Interpellation de Naja Vallaud-Belkacem après la présentation de son plan pour lutter contre les inégalités scolaires : « Les parcours d'excellence pour les collégiens des réseaux d'éducation prioritaire (REP+) volontaires de la troisième à la terminale ».

Catherine Chabrun
Pédagogue, écologiste et militante des droits de l'enfant -
Abonné·e de Mediapart

Ce blog est personnel, la rédaction n’est pas à l’origine de ses contenus.

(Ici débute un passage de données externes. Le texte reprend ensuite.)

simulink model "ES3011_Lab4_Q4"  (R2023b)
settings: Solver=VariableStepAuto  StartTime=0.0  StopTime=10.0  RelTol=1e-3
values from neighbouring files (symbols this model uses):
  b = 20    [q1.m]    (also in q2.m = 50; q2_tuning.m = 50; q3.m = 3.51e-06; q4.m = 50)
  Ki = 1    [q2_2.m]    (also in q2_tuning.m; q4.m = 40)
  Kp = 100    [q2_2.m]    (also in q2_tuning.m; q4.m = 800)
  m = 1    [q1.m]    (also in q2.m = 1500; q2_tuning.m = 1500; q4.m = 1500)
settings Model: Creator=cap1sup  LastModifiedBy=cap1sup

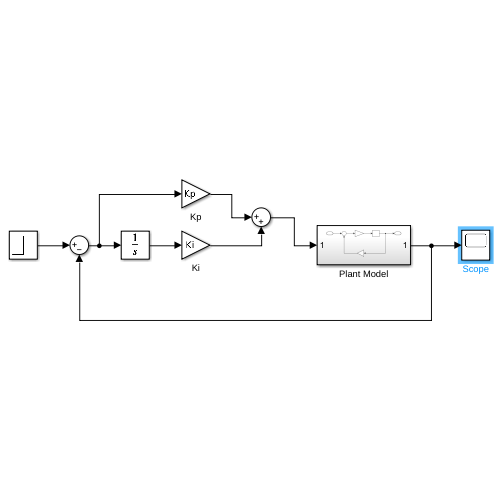
[thumbnail: Simulink's stored preview of the top-level diagram]
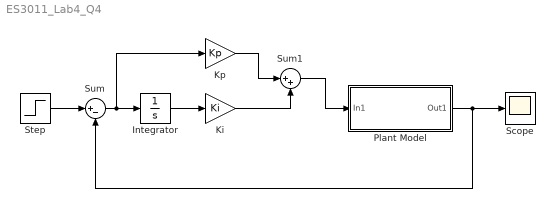
== system ES3011_Lab4_Q4 ==
  Integrator : Integrator
  Ki : Gain  Gain=Ki
  Kp : Gain  Gain=Kp
  Plant Model : Subsystem
  Scope : Scope
  Step : Step  Time=0  After=u  SampleTime=0
  Sum : Sum  Inputs=|+-
  Sum1 : Sum  Inputs=|++
  wires:
  Plant Model/1(Out1) -> Scope/1, Sum/2
  Sum/1 -> Kp/1, Integrator/1
  Integrator/1 -> Ki/1
  Kp/1 -> Sum1/1
  Ki/1 -> Sum1/2
  Sum1/1 -> Plant Model/1(In1)
  Step/1 -> Sum/1

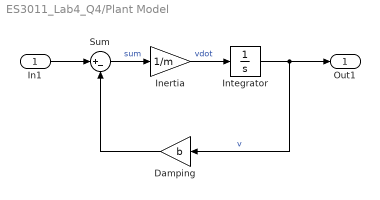
== system ES3011_Lab4_Q4/Plant Model ==
  In1 : Inport
  Damping : Gain  Gain=b
  Inertia : Gain  Gain=1/m
  Integrator : Integrator
  Sum : Sum  Inputs=|+-
  Out1 : Outport
  wires:
  Damping/1 -> Sum/2
  In1/1 -> Sum/1
  Integrator/1 -> Out1/1, Damping/1  "v"
  Inertia/1 -> Integrator/1  "vdot"
  Sum/1 -> Inertia/1  "sum"
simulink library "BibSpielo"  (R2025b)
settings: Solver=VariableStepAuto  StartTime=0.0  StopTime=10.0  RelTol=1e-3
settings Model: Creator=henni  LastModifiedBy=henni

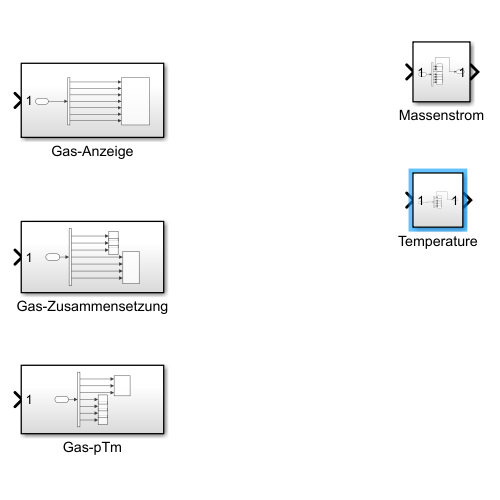
[thumbnail: Simulink's stored preview of the top-level diagram]
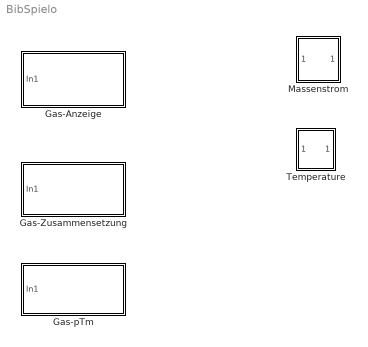
== system BibSpielo ==
  Gas-Anzeige : Subsystem
  Gas-Zusammensetzung : Subsystem
  Gas-pTm : Subsystem
  Massenstrom : Subsystem
  Temperature : Subsystem

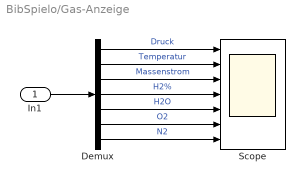
== system BibSpielo/Gas-Anzeige ==
  In1 : Inport
  Demux : Demux  Outputs=7
  Scope : Scope  NumInputPorts=7
  wires:
  Demux/3 -> Scope/3  "Massenstrom"
  Demux/2 -> Scope/2  "Temperatur"
  Demux/1 -> Scope/1  "Druck"
  Demux/7 -> Scope/7  "N2"
  Demux/4 -> Scope/4  "H2%"
  Demux/6 -> Scope/6  "O2"
  Demux/5 -> Scope/5  "H2O"
  In1/1 -> Demux/1

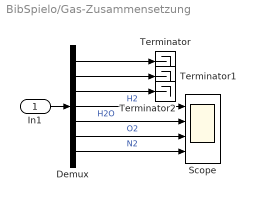
== system BibSpielo/Gas-Zusammensetzung ==
  In1 : Inport
  Demux : Demux  Outputs=7
  Scope : Scope  NumInputPorts=4
  Terminator : Terminator
  Terminator1 : Terminator
  Terminator2 : Terminator
  wires:
  Demux/6 -> Scope/3  "O2"
  Demux/7 -> Scope/4  "N2"
  In1/1 -> Demux/1
  Demux/2 -> Terminator1/1
  Demux/1 -> Terminator/1
  Demux/4 -> Scope/1  "H2"
  Demux/3 -> Terminator2/1
  Demux/5 -> Scope/2  "H2O"

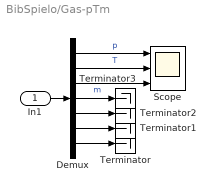
== system BibSpielo/Gas-pTm ==
  In1 : Inport
  Demux : Demux  Outputs=7
  Scope : Scope  NumInputPorts=3
      settings: DataLoggingVariableName=ScopeData2
  Terminator{,1..3} (4 alike) : Terminator
  wires:
  Demux/6 -> Terminator1/1
  In1/1 -> Demux/1
  Demux/3 -> Scope/3  "m"
  Demux/1 -> Scope/1  "p"
  Demux/2 -> Scope/2  "T"
  Demux/4 -> Terminator3/1
  Demux/5 -> Terminator2/1
  Demux/7 -> Terminator/1

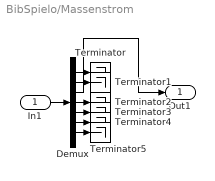
== system BibSpielo/Massenstrom ==
  In1 : Inport
  Demux : Demux  Outputs=7
  Terminator{,1..5} (6 alike) : Terminator
  Out1 : Outport
  wires:
  Demux/2 -> Terminator1/1
  In1/1 -> Demux/1
  Demux/4 -> Terminator2/1
  Demux/6 -> Terminator4/1
  Demux/5 -> Terminator3/1
  Demux/1 -> Terminator/1
  Demux/7 -> Terminator5/1
  Demux/3 -> Out1/1

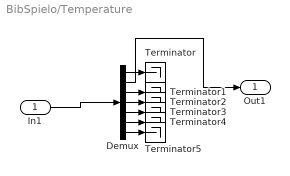
== system BibSpielo/Temperature ==
  In1 : Inport
  Demux : Demux  Outputs=7
  Terminator{,1..5} (6 alike) : Terminator
  Out1 : Outport
  wires:
  Demux/1 -> Terminator/1
  Demux/7 -> Terminator5/1
  Demux/6 -> Terminator4/1
  In1/1 -> Demux/1
  Demux/5 -> Terminator3/1
  Demux/4 -> Terminator2/1
  Demux/3 -> Terminator1/1
  Demux/2 -> Out1/1

Madame la ministre de l'Education nationale,

Après la lecture de votre projet « Les parcours d'excellence pour les collégiens des réseaux d'éducation prioritaire (REP+) volontaires de la troisième à la terminale » sur le site de votre ministère, je ne peux que formuler cette appréciation : de bonnes intentions charitables, mais pas de remise en cause de la fameuse « égalité des chances » ; ce qui implique que ceux qui ne réussissent pas leur parcours scolaire, ce sont toujours ceux qui ne méritent pas ou qui sont trop éloignés des valeurs et de la culture transmise par l’École. L’échec serait donc de la responsabilité de l’élève et de sa famille.
Pourtant dès le début du 20e siècle, les pédagogues de l’Éducation nouvelle déclaraient déjà que si un seul enfant ne s’adaptait pas au système ce n’était pas l’enfant qui était inadapté, mais le système. Au début de ce 21esiècle, nous n’avons guère avancé, mais « il n’y a pas plus sourd que celui qui ne veut pas entendre ! » dans l'éducation, comme ailleurs.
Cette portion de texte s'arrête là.